## EXERCISE DESCRIPTION
Pull out every line in the data that has the string "color" in it.
───── EXERCISE DATA
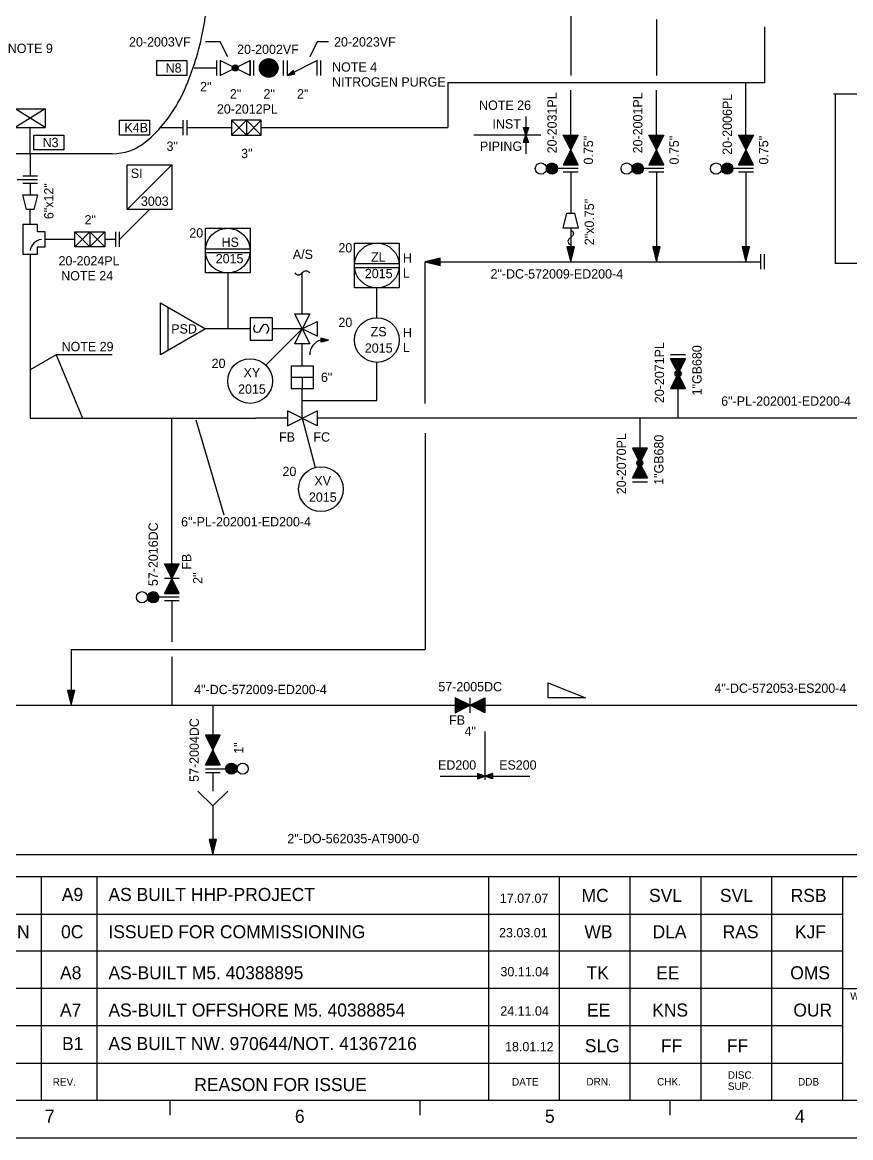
# Model space of a CAD drawing. Extents: x 0 to 840, y 0 to 594.
# Drawn here: x 387.9 to 610.1, y 0 to 299.2 of the extents above; entities that cross this region are included whole.
import ezdxf

# ---------------------------------------------------------------- set-up
doc = ezdxf.new("R2010")
doc.units = 0
for name, color, linetype in [('01-LIN-025-A', 7, 'Continuous'), ('08-LIN-050-A', 7, 'Continuous'), ('12-LIN-100-A', 7, 'Continuous'), ('18-LIN-025-SP', 7, 'Continuous'), ('35-TXT-025', 7, 'Continuous'), ('36-TXT-035', 7, 'Continuous'), ('39-TXT-100', 7, 'Continuous'), ('40-', 7, 'Continuous'), ('43-', 7, 'Continuous'), ('45-', 7, 'Continuous'), ('Default', 7, 'Continuous')]:
    doc.layers.add(name, color=color, linetype=linetype)

msp = doc.modelspace()

# ---------------------------------------------------------------- linework, layer by layer
at = {"layer": '01-LIN-025-A'}
for p, q in [((440, 289), (440, 285)), ((441, 289), (441, 285)), ((449, 285), (441, 289)), ((441, 289), (441, 285)), ((441, 285), (449, 289)), ((449, 285), (449, 289)), ((449, 289), (449, 285)), ((450, 285), (450, 289)), ((450, 285), (450, 289)), ((458, 285), (458, 289)), ((458, 285), (458, 289)), ((467, 289), (459, 285)), ((459, 285), (459, 289)), ((459, 285), (459, 289)), ((467, 285), (467, 289)), ((467, 285), (467, 289)), ((468, 285), (468, 289)), ((441, 287), (441, 287)), ((449, 287), (449, 287)), ((450, 287), (450, 287)), ((458, 287), (458, 287)), ((459, 287), (459, 287)), ((460.58, 286.33), (459, 285)), ((460.62, 286.24), (459, 285)), ((460.67, 286.15), (459, 285)), ((460.71, 286.06), (459, 285)), ((459, 285), (460.8, 285.88)), ((459, 285), (460.89, 285.7)), ((459, 285), (460.93, 285.61)), ((459, 285), (460.97, 285.52)), ((459, 285), (461.02, 285.43)), ((461.02, 285.43), (460.58, 286.33)), ((460.97, 285.52), (460.62, 286.24)), ((460.93, 285.61), (460.67, 286.15)), ((460.89, 285.7), (460.71, 286.06)), ((460.8, 285.88), (460.75, 285.97)), ((467, 287), (467, 287)), ((431, 273), (431, 269)), ((432, 273), (432, 269)), ((452, 273), (444, 273)), ((444, 273), (444, 269)), ((444, 269), (448, 273)), ((448, 269), (444, 273)), ((448, 273), (448, 269)), ((452, 269), (448, 273)), ((448, 273), (448, 269)), ((448, 269), (452, 273)), ((452, 269), (452, 273)), ((523, 274), (523, 264)), ((386, 271), (394, 271)), ((522.32, 271), (522.31, 270.98)), ((522.37, 271), (522.32, 270.93)), ((522.42, 271), (522.34, 270.89)), ((522.47, 271), (522.36, 270.84)), ((522.52, 271), (522.37, 270.79)), ((522.57, 271), (522.39, 270.74)), ((522.62, 271), (522.41, 270.7)), ((522.67, 271), (522.42, 270.65)), ((522.72, 271), (522.44, 270.6)), ((522.77, 271), (522.46, 270.56)), ((522.81, 271), (522.47, 270.51)), ((522.87, 271), (522.49, 270.46)), ((522.91, 271), (522.5, 270.41)), ((522.96, 271), (522.52, 270.37)), ((523.01, 271), (522.54, 270.32)), ((523.06, 271), (522.55, 270.27)), ((523.11, 271), (522.57, 270.23)), ((523.16, 271), (522.59, 270.18)), ((523.21, 271), (522.6, 270.13)), ((523.26, 271), (522.62, 270.09)), ((523.31, 271), (522.64, 270.04)), ((523.36, 271), (522.65, 269.99)), ((523.41, 271), (522.67, 269.94)), ((523.46, 271), (522.69, 269.9)), ((523.51, 271), (522.7, 269.85)), ((523.56, 271), (522.72, 269.8)), ((523.61, 271), (522.74, 269.76)), ((523.66, 271), (522.75, 269.71)), ((523.69, 270.98), (522.77, 269.66)), ((523.64, 270.84), (522.79, 269.61)), ((523.59, 270.7), (522.8, 269.57)), ((523.54, 270.56), (522.82, 269.52)), ((523.5, 270.42), (522.83, 269.47)), ((523.45, 270.27), (522.85, 269.43)), ((523.4, 270.13), (522.87, 269.38)), ((523.35, 269.99), (522.88, 269.33)), ((523.3, 269.85), (522.9, 269.28)), ((523.25, 269.71), (522.92, 269.24)), ((523.2, 269.57), (522.93, 269.19)), ((523.15, 269.43), (522.95, 269.14)), ((444, 269), (452, 269)), ((527, 269), (509, 269)), ((522.31, 267.02), (523.23, 268.34)), ((522.34, 267), (523.25, 268.29)), ((522.36, 267.16), (523.21, 268.39)), ((522.39, 267), (523.26, 268.25)), ((522.4, 267.3), (523.2, 268.43)), ((522.44, 267), (523.28, 268.2)), ((522.46, 267.44), (523.18, 268.48)), ((522.49, 267), (523.3, 268.15)), ((522.5, 267.58), (523.16, 268.53)), ((522.54, 267), (523.31, 268.1)), ((522.55, 267.73), (523.15, 268.58)), ((522.59, 267), (523.33, 268.06)), ((522.6, 267.87), (523.13, 268.62)), ((522.64, 267), (523.35, 268.01)), ((522.65, 268.01), (523.11, 268.67)), ((522.69, 267), (523.36, 267.96)), ((522.7, 268.15), (523.1, 268.72)), ((522.74, 267), (523.38, 267.92)), ((522.75, 268.29), (523.08, 268.77)), ((522.79, 267), (523.4, 267.87)), ((522.8, 268.43), (523.07, 268.81)), ((522.84, 267), (523.41, 267.82)), ((522.85, 268.57), (523.05, 268.86)), ((522.89, 267), (523.43, 267.77)), ((522.9, 268.72), (523.03, 268.91)), ((522.94, 267), (523.44, 267.73)), ((522.95, 268.86), (523.02, 268.95)), ((523.1, 269.28), (522.97, 269.1)), ((523.05, 269.14), (522.98, 269.05)), ((522.99, 267), (523.46, 267.68)), ((523.04, 267), (523.48, 267.63)), ((523.09, 267), (523.5, 267.59)), ((523.13, 267), (523.51, 267.54)), ((523.18, 267), (523.53, 267.49)), ((523.23, 267), (523.54, 267.44)), ((523.28, 267), (523.56, 267.4)), ((523.33, 267), (523.58, 267.35)), ((523.38, 267), (523.59, 267.3)), ((523.43, 267), (523.61, 267.26)), ((523.48, 267), (523.63, 267.21)), ((523.53, 267), (523.64, 267.16)), ((523.58, 267), (523.66, 267.11)), ((523.63, 267), (523.68, 267.07)), ((523.68, 267), (523.69, 267.02)), ((535, 265), (533, 269)), ((533, 269), (537, 269)), ((535, 265), (533.2, 268.9)), ((533.2, 268.9), (535, 268)), ((535, 265), (533.4, 268.8)), ((533.4, 268.8), (536.6, 268.8)), ((535, 265), (533.6, 268.6)), ((533.6, 268.6), (536.4, 268.6)), ((535, 265), (533.8, 268.4)), ((533.8, 268.4), (536.2, 268.4)), ((535, 265), (534, 268.2)), ((534, 268.2), (536, 268.2)), ((535, 265), (534.2, 268)), ((534.2, 268), (535.8, 268)), ((535, 265), (534.4, 267.8)), ((534.4, 267.8), (535.6, 267.8)), ((535, 265), (534.6, 267.6)), ((534.6, 267.6), (535.4, 267.6)), ((535, 265), (534.8, 267.4)), ((534.8, 267.4), (535.2, 267.4)), ((537, 269), (535, 265)), ((535, 265), (535, 269)), ((535, 268), (536.8, 268.9)), ((536.8, 268.9), (535, 265)), ((536.6, 268.8), (535, 265)), ((536.4, 268.6), (535, 265)), ((536.2, 268.4), (535, 265)), ((536, 268.2), (535, 265)), ((535.8, 268), (535, 265)), ((535.6, 267.8), (535, 265)), ((535.4, 267.6), (535, 265)), ((535.2, 267.4), (535, 265)), ((558, 265), (556, 269)), ((556, 269), (560, 269)), ((558, 265), (556.2, 268.9)), ((556.2, 268.9), (558, 268)), ((558, 265), (556.4, 268.8)), ((556.4, 268.8), (559.6, 268.8)), ((558, 265), (556.6, 268.6)), ((556.6, 268.6), (559.4, 268.6)), ((558, 265), (556.8, 268.4)), ((556.8, 268.4), (559.2, 268.4)), ((558, 265), (557, 268.2)), ((557, 268.2), (559, 268.2)), ((558, 265), (557.2, 268)), ((557.2, 268), (558.8, 268)), ((558, 265), (557.4, 267.8)), ((557.4, 267.8), (558.6, 267.8)), ((558, 265), (557.6, 267.6)), ((557.6, 267.6), (558.4, 267.6)), ((558, 265), (557.8, 267.4)), ((557.8, 267.4), (558.2, 267.4)), ((560, 269), (558, 265)), ((558, 265), (558, 269)), ((558, 268), (559.8, 268.9)), ((559.8, 268.9), (558, 265)), ((559.6, 268.8), (558, 265)), ((559.4, 268.6), (558, 265)), ((559.2, 268.4), (558, 265)), ((559, 268.2), (558, 265)), ((558.8, 268), (558, 265)), ((558.6, 267.8), (558, 265)), ((558.4, 267.6), (558, 265)), ((558.2, 267.4), (558, 265)), ((582, 265), (580, 269)), ((580, 269), (584, 269)), ((582, 265), (580.2, 268.9)), ((580.2, 268.9), (582, 268)), ((582, 265), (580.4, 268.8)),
──────────
## RESPONSE TO THE EXERCISE
for name, color, linetype in [('01-LIN-025-A', 7, 'Continuous'), ('08-LIN-050-A', 7, 'Continuous'), ('12-LIN-100-A', 7, 'Continuous'), ('18-LIN-025-SP', 7, 'Continuous'), ('35-TXT-025', 7, 'Continuous'), ('36-TXT-035', 7, 'Continuous'), ('39-TXT-100', 7, 'Continuous'), ('40-', 7, 'Continuous'), ('43-', 7, 'Continuous'), ('45-', 7, 'Continuous'), ('Default', 7, 'Continuous')]:
    doc.layers.add(name, color=color, linetype=linetype)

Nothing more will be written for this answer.